Foi logo em 1822 que o Brasil começou a negar a origem portuguesa para se justificar como país ou esse afastamento foi sobretudo obra da república, para minimizar a era imperial sob a égide dos Bragança?

O afastamento começa em 1822, ainda antes da declaração da independência, quando os portugueses do Brasil, com D. Pedro e José Bonifácio à cabeça, procederam à inversão de sentido com que justificaram a separação. Aqueles mesmos que tinham sido até aí os maiores expoentes do antigo regime, apresentaram-se como vítimas da “tyrania portugueza”, inaugurando assim – como escreveu Eduardo Lourenço – “o discurso ressentido de uma nação sem pai”. Logo na primeira metade do século XIX, os liberais brasileiros, na Oposição, começaram também a criticar “os males que vinham do passado” – absolutismo monárquico, centralização política, escravatura… Desta forma, o passado herdado pela independência deixou de ser considerado herança benigna – como defendia Varnhagen, pai da historiografia brasileira – para se transformar num pesado fardo. A partir de 1889, a república agravou tudo – sobretudo no período jacobino, quando os portugueses passaram de parentes próximos a inimigos. Num contexto de intensa disputa pelo mercado de trabalho, em que os imigrantes ocupavam o lugar dos escravos, os lusitanos foram apontados como culpados de todos os males imputados à monarquia. Em mensagem ao presidente Floriano Peixoto, que cortou relações com Portugal, o clube dos jacobinos de São Paulo prometia combater os estrangeiros “especialmente os portugueses, raça inferior, povo refratário ao progresso, nosso inimigo de todas as épocas, causador de todos os nossos males e do nosso atraso!” Foi a república aliás, que – 100 anos depois da independência – criou Tiradentes. Ele tinha a seu favor a data de nascimento – 21 de abril, convenientemente um dia antes do aniversário da chegada de Cabral, que se queria apagar.

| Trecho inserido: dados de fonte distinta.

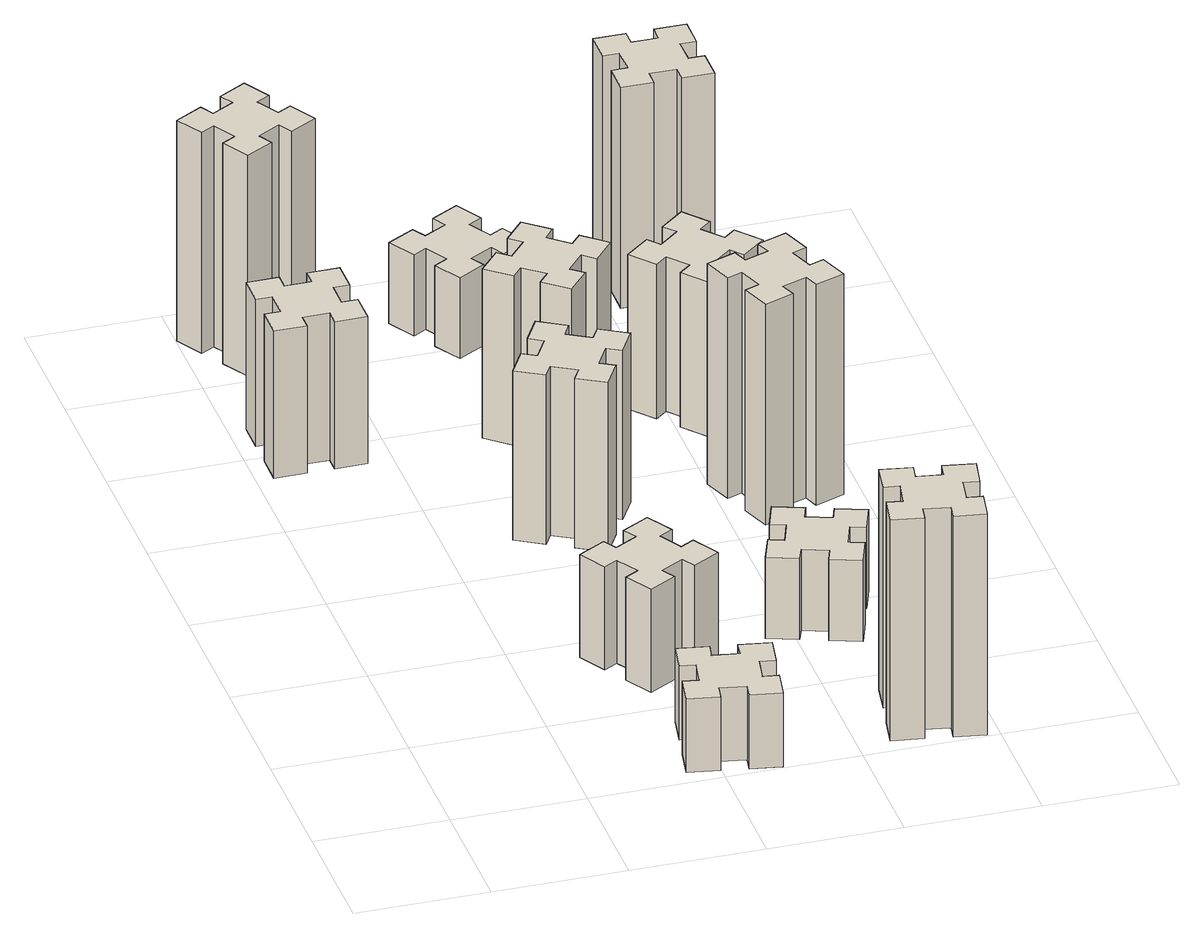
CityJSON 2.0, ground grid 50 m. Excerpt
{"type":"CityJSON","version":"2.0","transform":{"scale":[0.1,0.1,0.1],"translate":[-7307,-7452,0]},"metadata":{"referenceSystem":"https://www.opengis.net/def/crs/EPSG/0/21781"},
"CityObjects":{
"building1":{"type":"Building","attributes":{"class":"1000","function":"1000","usage":"1000","yearOfConstruction":2016,"roofType":"1000","measuredHeight":60,"storeysAboveGround":30,"storeysBelowGround":0},"geometry":[{"type":"Solid","lod":"1","boundaries":[[[[0,1,2,3,4,5,6,7,8,9,10,11,12,13,14,15,16,17,18,19]],[[17,16,20,21]],[[16,15,22,20]],[[15,14,23,22]],[[14,13,24,23]],[[13,12,25,24]],[[12,11,26,25]],[[11,10,27,26]],[[10,9,28,27]],[[9,8,29,28]],[[8,7,30,29]],[[7,6,31,30]],[[6,5,32,31]],[[5,4,33,32]],[[4,3,34,33]],[[3,2,35,34]],[[2,1,36,35]],[[1,0,37,36]],[[0,19,38,37]],[[19,18,39,38]],[[18,17,21,39]],[[24,25,26,27,28,29,30,31,32,33,34,35,36,37,38,39,21,20,22,23]]]]}]},
"building2":{"type":"Building","attributes":{"class":"1000","function":"1000","usage":"1000","yearOfConstruction":2016,"roofType":"1000","measuredHeight":30,"storeysAboveGround":30,"storeysBelowGround":0},"geometry":[{"type":"Solid","lod":"1","boundaries":[[[[40,41,42,43,44,45,46,47,48,49,50,51,52,53,54,55,56,57,58,59]],[[57,56,60,61]],[[56,55,62,60]],[[55,54,63,62]],[[54,53,64,63]],[[53,52,65,64]],[[52,51,66,65]],[[51,50,67,66]],[[50,49,68,67]],[[49,48,69,68]],[[48,47,70,69]],[[47,46,71,70]],[[46,45,72,71]],[[45,44,73,72]],[[44,43,74,73]],[[43,42,75,74]],[[42,41,76,75]],[[41,40,77,76]],[[40,59,78,77]],[[59,58,79,78]],[[58,57,61,79]],[[64,65,66,67,68,69,70,71,72,73,74,75,76,77,78,79,61,60,62,63]]]]}]},
"building3":{"type":"Building","attributes":{"class":"1000","function":"1000","usage":"1000","yearOfConstruction":2016,"roofType":"1000","measuredHeight":90,"storeysAboveGround":30,"storeysBelowGround":0},"geometry":[{"type":"Solid","lod":"1","boundaries":[[[[80,81,82,83,84,85,86,87,88,89,90,91,92,93,94,95,96,97,98,99]],[[97,96,100,101]],[[96,95,102,100]],[[95,94,103,102]],[[94,93,104,103]],[[93,92,105,104]],[[92,91,106,105]],[[91,90,107,106]],[[90,89,108,107]],[[89,88,109,108]],[[88,87,110,109]],[[87,86,111,110]],[[86,85,112,111]],[[85,84,113,112]],[[84,83,114,113]],[[83,82,115,114]],[[82,81,116,115]],[[81,80,117,116]],[[80,99,118,117]],[[99,98,119,118]],[[98,97,101,119]],[[104,105,106,107,108,109,110,111,112,113,114,115,116,117,118,119,101,100,102,103]]]]}]},
"building4":{"type":"Building","attributes":{"class":"1000","function":"1000","usage":"1000","yearOfConstruction":2016,"roofType":"1000","measuredHeight":42,"storeysAboveGround":30,"storeysBelowGround":0},"geometry":[{"type":"Solid","lod":"1","boundaries":[[[[120,121,122,123,124,125,126,127,128,129,130,131,132,133,134,135,136,137,138,139]],[[137,136,140,141]],[[136,135,142,140]],[[135,134,143,142]],[[134,133,144,143]],[[133,132,145,144]],[[132,131,146,145]],[[131,130,147,146]],[[130,129,148,147]],[[129,128,149,148]],[[128,127,150,149]],[[127,126,151,150]],[[126,125,152,151]],[[125,124,153,152]],[[124,123,154,153]],[[123,122,155,154]],[[122,121,156,155]],[[121,120,157,156]],[[120,139,158,157]],[[139,138,159,158]],[[138,137,141,159]],[[144,145,146,147,148,149,150,151,152,153,154,155,156,157,158,159,141,140,142,143]]]]}]},
"building5":{"type":"Building","attributes":{"class":"1000","function":"1000","usage":"1000","yearOfConstruction":2016,"roofType":"1000","measuredHeight":69,"storeysAboveGround":30,"storeysBelowGround":0},"geometry":[{"type":"Solid","lod":"1","boundaries":[[[[160,161,162,163,164,165,166,167,168,169,170,171,172,173,174,175,176,177,178,179]],[[177,176,180,181]],[[176,175,182,180]],[[175,174,183,182]],[[174,173,184,183]],[[173,172,185,184]],[[172,171,186,185]],[[171,170,187,186]],[[170,169,188,187]],[[169,168,189,188]],[[168,167,190,189]],[[167,166,191,190]],[[166,165,192,191]],[[165,164,193,192]],[[164,163,194,193]],[[163,162,195,194]],[[162,161,196,195]],[[161,160,197,196]],[[160,179,198,197]],[[179,178,199,198]],[[178,177,181,199]],[[184,185,186,187,188,189,190,191,192,193,194,195,196,197,198,199,181,180,182,183]]]]}]},
"building6":{"type":"Building","attributes":{"class":"1000","function":"1000","usage":"1000","yearOfConstruction":2016,"roofType":"1000","measuredHeight":69,"storeysAboveGround":30,"storeysBelowGround":0},"geometry":[{"type":"Solid","lod":"1","boundaries":[[[[200,201,202,203,204,205,206,207,208,209,210,211,212,213,214,215,216,217,218,219]],[[217,216,220,221]],[[216,215,222,220]],[[215,214,223,222]],[[214,213,224,223]],[[213,212,225,224]],[[212,211,226,225]],[[211,210,227,226]],[[210,209,228,227]],[[209,208,229,228]],[[208,207,230,229]],[[207,206,231,230]],[[206,205,232,231]],[[205,204,233,232]],[[204,203,234,233]],[[203,202,235,234]],[[202,201,236,235]],[[201,200,237,236]],[[200,219,238,237]],[[219,218,239,238]],[[218,217,221,239]],[[224,225,226,227,228,229,230,231,232,233,234,235,236,237,238,239,221,220,222,223]]]]}]},
"building7":{"type":"Building","attributes":{"class":"1000","function":"1000","usage":"1000","yearOfConstruction":2016,"roofType":"1000","measuredHeight":90,"storeysAboveGround":30,"storeysBelowGround":0},"geometry":[{"type":"Solid","lod":"1","boundaries":[[[[240,241,242,243,244,245,246,247,248,249,250,251,252,253,254,255,256,257,258,259]],[[257,256,260,261]],[[256,255,262,260]],[[255,254,263,262]],[[254,253,264,263]],[[253,252,265,264]],[[252,251,266,265]],[[251,250,267,266]],[[250,249,268,267]],[[249,248,269,268]],[[248,247,270,269]],[[247,246,271,270]],[[246,245,272,271]],[[245,244,273,272]],[[244,243,274,273]],[[243,242,275,274]],[[242,241,276,275]],[[241,240,277,276]],[[240,259,278,277]],[[259,258,279,278]],[[258,257,261,279]],[[264,265,266,267,268,269,270,271,272,273,274,275,276,277,278,279,261,260,262,263]]]]}]},
"building8":{"type":"Building","attributes":{"class":"1000","function":"1000","usage":"1000","yearOfConstruction":2016,"roofType":"1000","measuredHeight":33,"storeysAboveGround":30,"storeysBelowGround":0},"geometry":[{"type":"Solid","lod":"1","boundaries":[[[[280,281,282,283,284,285,286,287,288,289,290,291,292,293,294,295,296,297,298,299]],[[297,296,300,301]],[[296,295,302,300]],[[295,294,303,302]],[[294,293,304,303]],[[293,292,305,304]],[[292,291,306,305]],[[291,290,307,306]],[[290,289,308,307]],[[289,288,309,308]],[[288,287,310,309]],[[287,286,311,310]],[[286,285,312,311]],[[285,284,313,312]],[[284,283,314,313]],[[283,282,315,314]],[[282,281,316,315]],[[281,280,317,316]],[[280,299,318,317]],[[299,298,319,318]],[[298,297,301,319]],[[304,305,306,307,308,309,310,311,312,313,314,315,316,317,318,319,301,300,302,303]]]]}]},
"building9":{"type":"Building","attributes":{"class":"1000","function":"1000","usage":"1000","yearOfConstruction":2016,"roofType":"1000","measuredHeight":33,"storeysAboveGround":30,"storeysBelowGround":0},"geometry":[{"type":"Solid","lod":"1","boundaries":[[[[320,321,322,323,324,325,326,327,328,329,330,331,332,333,334,335,336,337,338,339]],[[337,336,340,341]],[[336,335,342,340]],[[335,334,343,342]],[[334,333,344,343]],[[333,332,345,344]],[[332,331,346,345]],[[331,330,347,346]],[[330,329,348,347]],[[329,328,349,348]],[[328,327,350,349]],[[327,326,351,350]],[[326,325,352,351]],[[325,324,353,352]],[[324,323,354,353]],[[323,322,355,354]],[[322,321,356,355]],[[321,320,357,356]],[[320,339,358,357]],[[339,338,359,358]],[[338,337,341,359]],[[344,345,346,347,348,349,350,351,352,353,354,355,356,357,358,359,341,340,342,343]]]]}]},
"building10":{"type":"Building","attributes":{"class":"1000","function":"1000","usage":"1000","yearOfConstruction":2016,"roofType":"1000","measuredHeight":90,"storeysAboveGround":30,"storeysBelowGround":0},"geometry":[{"type":"Solid","lod":"1","boundaries":[[[[360,361,362,363,364,365,366,367,368,369,370,371,372,373,374,375,376,377,378,379]],[[377,376,380,381]],[[376,375,382,380]],[[375,374,383,382]],[[374,373,384,383]],[[373,372,385,384]],[[372,371,386,385]],[[371,370,387,386]],[[370,369,388,387]],[[369,368,389,388]],[[368,367,390,389]],[[367,366,391,390]],[[366,365,392,391]],[[365,364,393,392]],[[364,363,394,393]],[[363,362,395,394]],[[362,361,396,395]],[[361,360,397,396]],[[360,379,398,397]],[[379,378,399,398]],[[378,377,381,399]],[[384,385,386,387,388,389,390,391,392,393,394,395,396,397,398,399,381,380,382,383]]]]}]},
"building11":{"type":"Building","attributes":{"class":"1000","function":"1000","usage":"1000","yearOfConstruction":2016,"roofType":"1000","measuredHeight":63,"storeysAboveGround":30,"storeysBelowGround":0},"geometry":[{"type":"Solid","lod":"1","boundaries":[[[[400,401,402,403,404,405,406,407,408,409,410,411,412,413,414,415,416,417,418,419]],[[417,416,420,421]],[[416,415,422,420]],[[415,414,423,422]],[[414,413,424,423]],[[413,412,425,424]],[[412,411,426,425]],[[411,410,427,426]],[[410,409,428,427]],[[409,408,429,428]],[[408,407,430,429]],[[407,406,431,430]],[[406,405,432,431]],[[405,404,433,432]],[[404,403,434,433]],[[403,402,435,434]],[[402,401,436,435]],[[401,400,437,436]],[[400,419,438,437]],[[419,418,439,438]],[[418,417,421,439]],[[424,425,426,427,428,429,430,431,432,433,434,435,436,437,438,439,421,420,422,423]]]]}]},
"building12":{"type":"Building","attributes":{"class":"1000","function":"1000","usage":"1000","yearOfConstruction":2016,"roofType":"1000","measuredHeight":90,"storeysAboveGround":30,"storeysBelowGround":0},"geometry":[{"type":"Solid","lod":"1","boundaries":[[[[440,441,442,443,444,445,446,447,448,449,450,451,452,453,454,455,456,457,458,459]],[[457,456,460,461]],[[456,455,462,460]],[[455,454,463,462]],[[454,453,464,463]],[[453,452,465,464]],[[452,451,466,465]],[[451,450,467,466]],[[450,449,468,467]],[[449,448,469,468]],[[448,447,470,469]],[[447,446,471,470]],[[446,445,472,471]],[[445,444,473,472]],[[444,443,474,473]],[[443,442,475,474]],[[442,441,476,475]],[[441,440,477,476]],[[440,459,478,477]],[[459,458,479,478]],[[458,457,461,479]],[[464,465,466,467,468,469,470,471,472,473,474,475,476,477,478,479,461,460,462,463]]]]}]}
},
"vertices":[
[285,2635,0],[185,2635,0],[185,2695,0],[65,2695,0],[65,2575,0],[125,2575,0],[125,2475,0],[65,2475,0],[65,2355,0],[185,2355,0],[185,2415,0],[285,2415,0],[285,2355,0],[405,2355,0],[405,2475,0],[345,2475,0],[345,2575,0],[405,2575,0],[405,2695,0],[285,2695,0],[345,2575,600],[405,2575,600],[345,2475,600],[405,2475,600],[405,2355,600],[285,2355,600],[285,2415,600],[185,2415,600],[185,2355,600],[65,2355,600],[65,2475,600],[125,2475,600],[125,2575,600],[65,2575,600],[65,2695,600],[185,2695,600],[185,2635,600],[285,2635,600],[285,2695,600],[405,2695,600],
[976,274,0],[958,175,0],[899,186,0],[878,67,0],[997,47,0],[1007,106,0],[1105,88,0],[1095,29,0],[1213,8,0],[1234,127,0],[1175,137,0],[1192,235,0],[1251,225,0],[1272,343,0],[1154,364,0],[1144,305,0],[1045,322,0],[1056,381,0],[937,402,0],[917,284,0],[1045,322,300],[1056,381,300],[1144,305,300],[1154,364,300],[1272,343,300],[1251,225,300],[1192,235,300],[1175,137,300],[1234,127,300],[1213,8,300],[1095,29,300],[1105,88,300],[1007,106,300],[997,47,300],[878,67,300],[899,186,300],[958,175,300],[976,274,300],[917,284,300],[937,402,300],
[224,3386,0],[137,3336,0],[107,3388,0],[3,3328,0],[63,3224,0],[115,3254,0],[165,3167,0],[113,3137,0],[173,3033,0],[277,3093,0],[247,3145,0],[334,3195,0],[364,3143,0],[468,3203,0],[408,3307,0],[356,3277,0],[306,3364,0],[358,3394,0],[298,3498,0],[194,3438,0],[306,3364,900],[358,3394,900],[356,3277,900],[408,3307,900],[468,3203,900],[364,3143,900],[334,3195,900],[247,3145,900],[277,3093,900],[173,3033,900],[113,3137,900],[165,3167,900],[115,3254,900],[63,3224,900],[3,3328,900],[107,3388,900],[137,3336,900],[224,3386,900],[194,3438,900],[298,3498,900],
[964,966,0],[877,916,0],[847,968,0],[743,908,0],[803,804,0],[855,834,0],[905,747,0],[853,717,0],[913,613,0],[1017,673,0],[987,725,0],[1074,775,0],[1104,723,0],[1208,783,0],[1148,887,0],[1096,857,0],[1046,944,0],[1098,974,0],[1038,1078,0],[934,1018,0],[1046,944,420],[1098,974,420],[1096,857,420],[1148,887,420],[1208,783,420],[1104,723,420],[1074,775,420],[987,725,420],[1017,673,420],[913,613,420],[853,717,420],[905,747,420],[855,834,420],[803,804,420],[743,908,420],[847,968,420],[877,916,420],[964,966,420],[934,1018,420],[1038,1078,420],
[877,1715,0],[964,1665,0],[934,1613,0],[1038,1553,0],[1098,1657,0],[1046,1687,0],[1096,1774,0],[1148,1744,0],[1208,1848,0],[1104,1908,0],[1074,1856,0],[987,1906,0],[1017,1958,0],[913,2018,0],[853,1914,0],[905,1884,0],[855,1797,0],[803,1827,0],[743,1723,0],[847,1663,0],[855,1797,690],[803,1827,690],[905,1884,690],[853,1914,690],[913,2018,690],[1017,1958,690],[987,1906,690],[1074,1856,690],[1104,1908,690],[1208,1848,690],[1148,1744,690],[1096,1774,690],[1046,1687,690],[1098,1657,690],[1038,1553,690],[934,1613,690],[964,1665,690],[877,1715,690],[847,1663,690],[743,1723,690],
[1184,2477,0],[1108,2542,0],[1146,2588,0],[1054,2665,0],[977,2573,0],[1023,2534,0],[959,2458,0],[913,2496,0],[836,2404,0],[928,2327,0],[966,2373,0],[1043,2309,0],[1004,2263,0],[1096,2186,0],[1173,2278,0],[1127,2316,0],[1192,2393,0],[1238,2354,0],[1315,2446,0],[1223,2523,0],[1192,2393,690],[1238,2354,690],[1127,2316,690],[1173,2278,690],[1096,2186,690],[1004,2263,690],[1043,2309,690],[966,2373,690],[928,2327,690],[836,2404,690],[913,2496,690],[959,2458,690],[1023,2534,690],[977,2573,690],[1054,2665,690],[1146,2588,690],[1108,2542,690],[1184,2477,690],[1223,2523,690],[1315,2446,690],
[1716,274,0],[1698,175,0],[1639,186,0],[1618,67,0],[1737,47,0],[1747,106,0],[1845,88,0],[1835,29,0],[1953,8,0],[1974,127,0],[1915,137,0],[1932,235,0],[1991,225,0],[2012,343,0],[1894,364,0],[1884,305,0],[1785,322,0],[1796,381,0],[1677,402,0],[1657,284,0],[1785,322,900],[1796,381,900],[1884,305,900],[1894,364,900],[2012,343,900],[1991,225,900],[1932,235,900],[1915,137,900],[1974,127,900],[1953,8,900],[1835,29,900],[1845,88,900],[1747,106,900],[1737,47,900],[1618,67,900],[1639,186,900],[1698,175,900],[1716,274,900],[1657,284,900],[1677,402,900],
[1531,859,0],[1625,825,0],[1604,769,0],[1717,727,0],[1758,840,0],[1702,861,0],[1736,955,0],[1792,934,0],[1833,1047,0],[1720,1088,0],[1700,1032,0],[1606,1066,0],[1627,1122,0],[1514,1163,0],[1473,1050,0],[1529,1030,0],[1495,936,0],[1439,957,0],[1397,844,0],[1510,803,0],[1495,936,330],[1439,957,330],[1529,1030,330],[1473,1050,330],[1514,1163,330],[1627,1122,330],[1606,1066,330],[1700,1032,330],[1720,1088,330],[1833,1047,330],[1792,934,330],[1736,955,330],[1702,861,330],[1758,840,330],[1717,727,330],[1604,769,330],[1625,825,330],[1531,859,330],[1510,803,330],[1397,844,330],
[1096,3177,0],[1046,3264,0],[1098,3294,0],[1038,3398,0],[934,3338,0],[964,3286,0],[877,3236,0],[847,3288,0],[743,3228,0],[803,3124,0],[855,3154,0],[905,3067,0],[853,3037,0],[913,2933,0],[1017,2993,0],[987,3045,0],[1074,3095,0],[1104,3043,0],[1208,3103,0],[1148,3207,0],[1074,3095,330],[1104,3043,330],[987,3045,330],[1017,2993,330],[913,2933,330],[853,3037,330],[905,3067,330],[855,3154,330],[803,3124,330],[743,3228,330],[847,3288,330],[877,3236,330],[964,3286,330],[934,3338,330],[1038,3398,330],[1098,3294,330],[1046,3264,330],[1096,3177,330],[1148,3207,330],[1208,3103,330],
[1595,1795,0],[1629,1701,0],[1573,1680,0],[1614,1567,0],[1727,1609,0],[1706,1665,0],[1800,1699,0],[1820,1643,0],[1933,1684,0],[1892,1797,0],[1836,1776,0],[1802,1870,0],[1858,1890,0],[1817,2003,0],[1704,1962,0],[1725,1906,0],[1631,1872,0],[1610,1928,0],[1497,1887,0],[1539,1774,0],[1631,1872,900],[1610,1928,900],[1725,1906,900],[1704,1962,900],[1817,2003,900],[1858,1890,900],[1802,1870,900],[1836,1776,900],[1892,1797,900],[1933,1684,900],[1820,1643,900],[1800,1699,900],[1706,1665,900],[1727,1609,900],[1614,1567,900],[1573,1680,900],[1629,1701,900],[1595,1795,900],[1539,1774,900],[1497,1887,900],
[1499,2393,0],[1563,2316,0],[1517,2278,0],[1594,2186,0],[1686,2263,0],[1648,2309,0],[1724,2373,0],[1763,2327,0],[1855,2404,0],[1778,2496,0],[1732,2458,0],[1667,2534,0],[1713,2573,0],[1636,2665,0],[1544,2588,0],[1583,2542,0],[1506,2477,0],[1468,2523,0],[1376,2446,0],[1453,2354,0],[1506,2477,630],[1468,2523,630],[1583,2542,630],[1544,2588,630],[1636,2665,630],[1713,2573,630],[1667,2534,630],[1732,2458,630],[1778,2496,630],[1855,2404,630],[1763,2327,630],[1724,2373,630],[1648,2309,630],[1686,2263,630],[1594,2186,630],[1517,2278,630],[1563,2316,630],[1499,2393,630],[1453,2354,630],[1376,2446,630],
[1665,3155,0],[1765,3155,0],[1765,3095,0],[1885,3095,0],[1885,3215,0],[1825,3215,0],[1825,3315,0],[1885,3315,0],[1885,3435,0],[1765,3435,0],[1765,3375,0],[1665,3375,0],[1665,3435,0],[1545,3435,0],[1545,3315,0],[1605,3315,0],[1605,3215,0],[1545,3215,0],[1545,3095,0],[1665,3095,0],[1605,3215,900],[1545,3215,900],[1605,3315,900],[1545,3315,900],[1545,3435,900],[1665,3435,900],[1665,3375,900],[1765,3375,900],[1765,3435,900],[1885,3435,900],[1885,3315,900],[1825,3315,900],[1825,3215,900],[1885,3215,900],[1885,3095,900],[1765,3095,900],[1765,3155,900],[1665,3155,900],[1665,3095,900],[1545,3095,900]
]}

Esse estranhamento, como afirma no título do livro, é evidente hoje no dia a dia para um português que viva no Brasil?

Para um português que aqui viva e observe, é patente o pouco conhecimento e a desvalorização do passado, a ponto de muitos brasileiros nem sequer associarem a língua que falam ao país que somos. Portugal é uma vaga, distante e remota referência, sobre a qual se aprendeu alguma coisa na escola, mas não é associado à identidade nacional, já que a narrativa dominante tende a apresentar os lusitanos como povo estrangeiro que veio para explorar e depois, empurrado, se foi embora: “Levou o ouro e deixou as pedras”. Como se os brasileiros não fossem produto da metamorfose dos colonos que aqui assentaram arraiais e fizeram o Brasil. É como se o inegável elo histórico que liga os dois países tivesse sido apagado da memória nacional. Hoje em dia, não há xenofobia antiportuguesa – eu não falo isso nem na tese nem no livro: os brasileiros são simpáticos e cordiais no trato; mas há, em geral, grande desconhecimento e rejeição da herança, que o anedotário anti-português promoveu e promove.